As shown in Fig. 5, the RMSE value is minimum when the number of PLS components is 11, which is the optimal number of PLS components we selected. The established PLSR model with averaged sample data shows high prediction accuracy and good model stability. Fig. 6, Fig. 7 shows the evaluation results of the train (calibration) set and the test (prediction) set respectively. Obviously, the model built with averaged spectral data (the RMSE and R2 for the prediction set are 3.82% and 0.9781, respectively) shows higher accuracy and less prediction error than the PLSR model built with a training set and a prediction set of unaveraged spectral data (the RMSE and R2 for the prediction set are 6.32% and 0.948, respectively) as can be seen from the Table 3. As it is clear from the results that averaging multiple-point spectra of the same sample is more suitable for goat milk quantification. Consequently, the best quantification model was adopted and the performance was evaluated in detail as follows.
Table 3 Comparison of results for averaging or non-averaging of multi-point spectra
Data processing methods
|
RMSEtrain
|
RMSEtest
|
R2train
|
R2test
|
Multi-point spectral non-averaging
|
5.31%
|
6.32%
|
0.9621
|
0.9480
|
Multi-point spectral averaging
|
2.82%
|
3.82%
|
0.9897
|
0.9781
|
We compared the R2 and RMSE of train (calibration) set and the test (prediction) set, and found that the quantitative model for adulterated goat milk took a good compromise between fitting and prediction, with the quantitative accuracy of the calibrated model described as R2=0.9897 and RMSE=2.82%, and the quantitative accuracy of the predicted model as R2=0.9781 and RMSE=3.82%. Obviously, the sample points in a coordinate system consisting of true and predicted values are close to the line Y=X in the coordinate system, indicating that the predicted results are close to the actual values and there is a good linear relationship between them. Besides, the value of RPD is 6.8, which is greater than 3, indicating that the model has excellent prediction ability. These results imply that the model is stable, neither under-fitted nor over-fitted, and can be applied to quantify adulteration in goat milk.

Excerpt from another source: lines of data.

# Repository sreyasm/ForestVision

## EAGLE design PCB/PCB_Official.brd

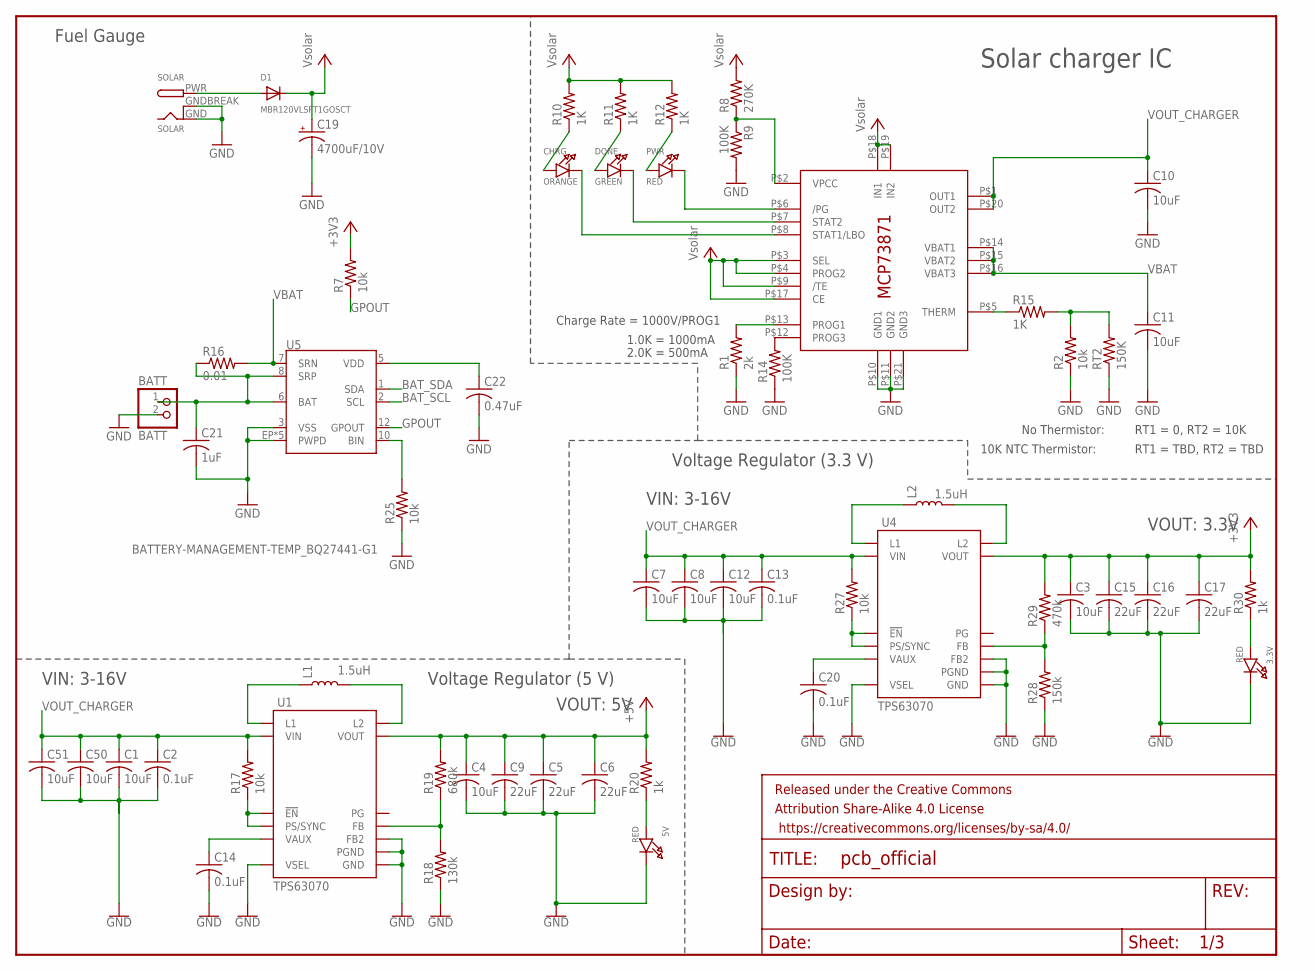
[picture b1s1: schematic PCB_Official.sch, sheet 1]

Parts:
3.3V, 5V: RED; CHIPLED_0805_NOOUTLINE
BATT: BATT; JST-PH-2-SMT-RA
C1, C8, C12, C50: 10uF; C0805
C2, C13: 0.1uF; C0805
C3, C4, C7, C51: 10uF; C0603
C5, C6, C9, C15, C16, C17: 22uF; C0805
C10, C11: 10uF; C0805K
C14, C20: 0.1uF; C0603
C19: 4700uF/10V; ADAFRUIT_E5-13
C21: 1uF; C0805
C22: 0.47uF; C0805
CHRG: ORANGE; CHIPLED_0805_NOOUTLINE
D1: MBR120VLSFT1GOSCT; MICROBUILDER_SOD-123
DONE: GREEN; CHIPLED_0805_NOOUTLINE
FRAME2: FRAME-LETTERNO_PACKAGE; DUMMY
IC1: MCP73871; QFN20_4MM
L1, L2: 1.5uH; XFL4020
PWR: RED; CHIPLED_0805_NOOUTLINE
R1: 2k; R0805
R2, R7, R25: 10k; R0805
R8: 270K; R0805
R9, R14: 100K; R0805
R10, R11, R12: 1K; R0805
R15: 1K; M0805
R16: 0.01; R0805
R17, R27: 10k; R0603
R18: 130k; R0603
R19: 680k; R0603
R20, R30: 1k; R0603
R28: 150k; R0603
R29: 470k; R0603
RT2: 150K; M0805
SOLAR: SOLAR; DCJACK_2MM_PTH
U1, U4: TPS63070; VQFN-15-HR(3X2.5)
U5: BATTERY-MANAGEMENT-TEMP_BQ27441-G1; BATTERY-MANAGEMENT-TEMP_PDSO-N12

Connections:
!EN: R17.1, U1.P$1 (PS/SYNC), U1.P$14 (!EN)
!EN1: R27.1, U4.P$1 (PS/SYNC), U4.P$14 (!EN)
+3V3: C3.1, C15.1, C16.1, C17.1, R7.2, R29.2, R30.2, U4.P$7/8 (VOUT); also elsewhere on the board
+5V: C4.1, C5.1, C6.1, C9.1, R19.2, R20.2, U1.P$7/8 (VOUT); also elsewhere on the board
BAT_SCL: U5.2 (SCL); also elsewhere on the board
BAT_SDA: U5.1 (SDA); also elsewhere on the board
GND: 3.3V.C, 5V.C, BATT.2 (1), C1.2, C2.2, C3.2, C4.2, C5.2, C6.2, C7.2, C8.2, C9.2, C10.2, C11.2, C12.2, C13.2, C14.2, C15.2, C16.2, C17.2, C19.-, C20.2, C21.2, C22.2, C50.2, C51.2, IC1.P$10 (GND1), IC1.P$11 (GND2), IC1.P$21 (GND3), R1.1, R2.1, R9.2, R14.1, R18.1, R25.1, R28.1, RT2.1, SOLAR.GND, SOLAR.GNDBREAK, U1.P$4 (GND), U1.P$6 (FB2), U1.P$10 (PGND), U1.P$15 (VSEL), U4.P$4 (GND), U4.P$6 (FB2), U4.P$10 (PGND), U4.P$15 (VSEL), U5.3 (VSS), U5.EP (PWPD), U5.EP1 (PWPD), U5.EP2 (PWPD), U5.EP3 (PWPD), U5.EP4 (PWPD); also elsewhere on the board
GPOUT: R7.1, U5.12 (GPOUT)
unnamed: L1.P$1 (1), U1.P$11 (L1)
unnamed: L1.P$2 (2), U1.P$9 (L2)
unnamed: IC1.P$2 (VPCC), R8.1, R9.1
unnamed: R18.2, R19.1, U1.P$5 (FB)
unnamed: 5V.A, R20.1
unnamed: C14.1, U1.P$3 (VAUX)
unnamed: L2.P$1 (1), U4.P$11 (L1)
unnamed: L2.P$2 (2), U4.P$9 (L2)
unnamed: C20.1, U4.P$3 (VAUX)
unnamed: IC1.P$6 (/PG), PWR.C
unnamed: DONE.C, IC1.P$7 (STAT2)
unnamed: CHRG.C, IC1.P$8 (STAT1/LBO)
unnamed: CHRG.A, R10.1
unnamed: DONE.A, R11.1
unnamed: PWR.A, R12.1
unnamed: IC1.P$12 (PROG3), R14.2
unnamed: IC1.P$13 (PROG1), R1.2
unnamed: IC1.P$5 (THERM), R15.1
unnamed: R2.2, R15.2, RT2.2
unnamed: 3.3V.A, R30.1
unnamed: R28.2, R29.1, U4.P$5 (FB)
unnamed: BATT.1 (2), C21.1, R16.1, U5.6 (BAT), U5.8 (SRP)
unnamed: C22.1, U5.5 (VDD)
unnamed: R25.2, U5.10 (BIN)
unnamed: D1.A, SOLAR.PWR
VBAT: C11.1, IC1.P$14 (VBAT1), IC1.P$15 (VBAT2), IC1.P$16 (VBAT3), R16.2, U5.7 (SRN)
VCC: C19.+, D1.C, IC1.P$3 (SEL), IC1.P$4 (PROG2), IC1.P$9 (/TE), IC1.P$17 (CE), IC1.P$18 (IN1), IC1.P$19 (IN2), R8.2, R10.2, R11.2, R12.2
VOUT_CHARGER: C1.1, C2.1, C7.1, C8.1, C10.1, C12.1, C13.1, C50.1, C51.1, IC1.P$1 (OUT1), IC1.P$20 (OUT2), R17.2, R27.2, U1.P$12/13 (VIN), U4.P$12/13 (VIN)

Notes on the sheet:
Charge Rate = 1000V/PROG1
1.0K = 1000mA
2.0K = 500mA
No Thermistor:
10K NTC Thermistor:
RT1 = 0, RT2 = 10K
RT1 = TBD, RT2 = TBD
VIN: 3-16V
VOUT: 5V
VOUT: 3.3V
Solar charger IC
Voltage Regulator (3.3 V)
Voltage Regulator (5 V)
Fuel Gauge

To further understand this quantitative model, we analyzed the PLS regression coefficient. The regression coefficient plot allows us to observe more visually the magnitude of the contribution of each independent variable (each Raman shift of the Raman spectrum of the sample) in explaining y (adulteration concentration). In other words, a certain Raman shift corresponding to a larger regression coefficient (absolute value) represents a larger contribution of that Raman shift (independent variable) in explaining the dependent variable y, on the other hand, a smaller contribution (Šestak et al. 2022). From PLSR coefficient plots Fig. 8, it can be seen that the peaks of fat and protein (fat peaks:1304 cm-1, 1120 cm-1, 1064-1081 cm-1; protein peaks: 1004 cm-1, 1656 cm-1) in the samples play a dominant and important role in predicting the adulteration concentration of cow milk in goat milk, as shown by the large absolute values of the peaks corresponding to fat and protein in the PLSR coefficient plot (McGoverin et al. 2010). These show that it is the difference in fat and protein (composition and structure) between cow milk and goat milk that is the main factor in the quantitation analysis of cow milk in goat milk. Raman spectroscopy combined with chemometrics became another new confirmation of former research findings on the differences between goat and cow milk and provided another research direction for the subsequent study of adulteration of goat milk at the same time (Turkmen 2017).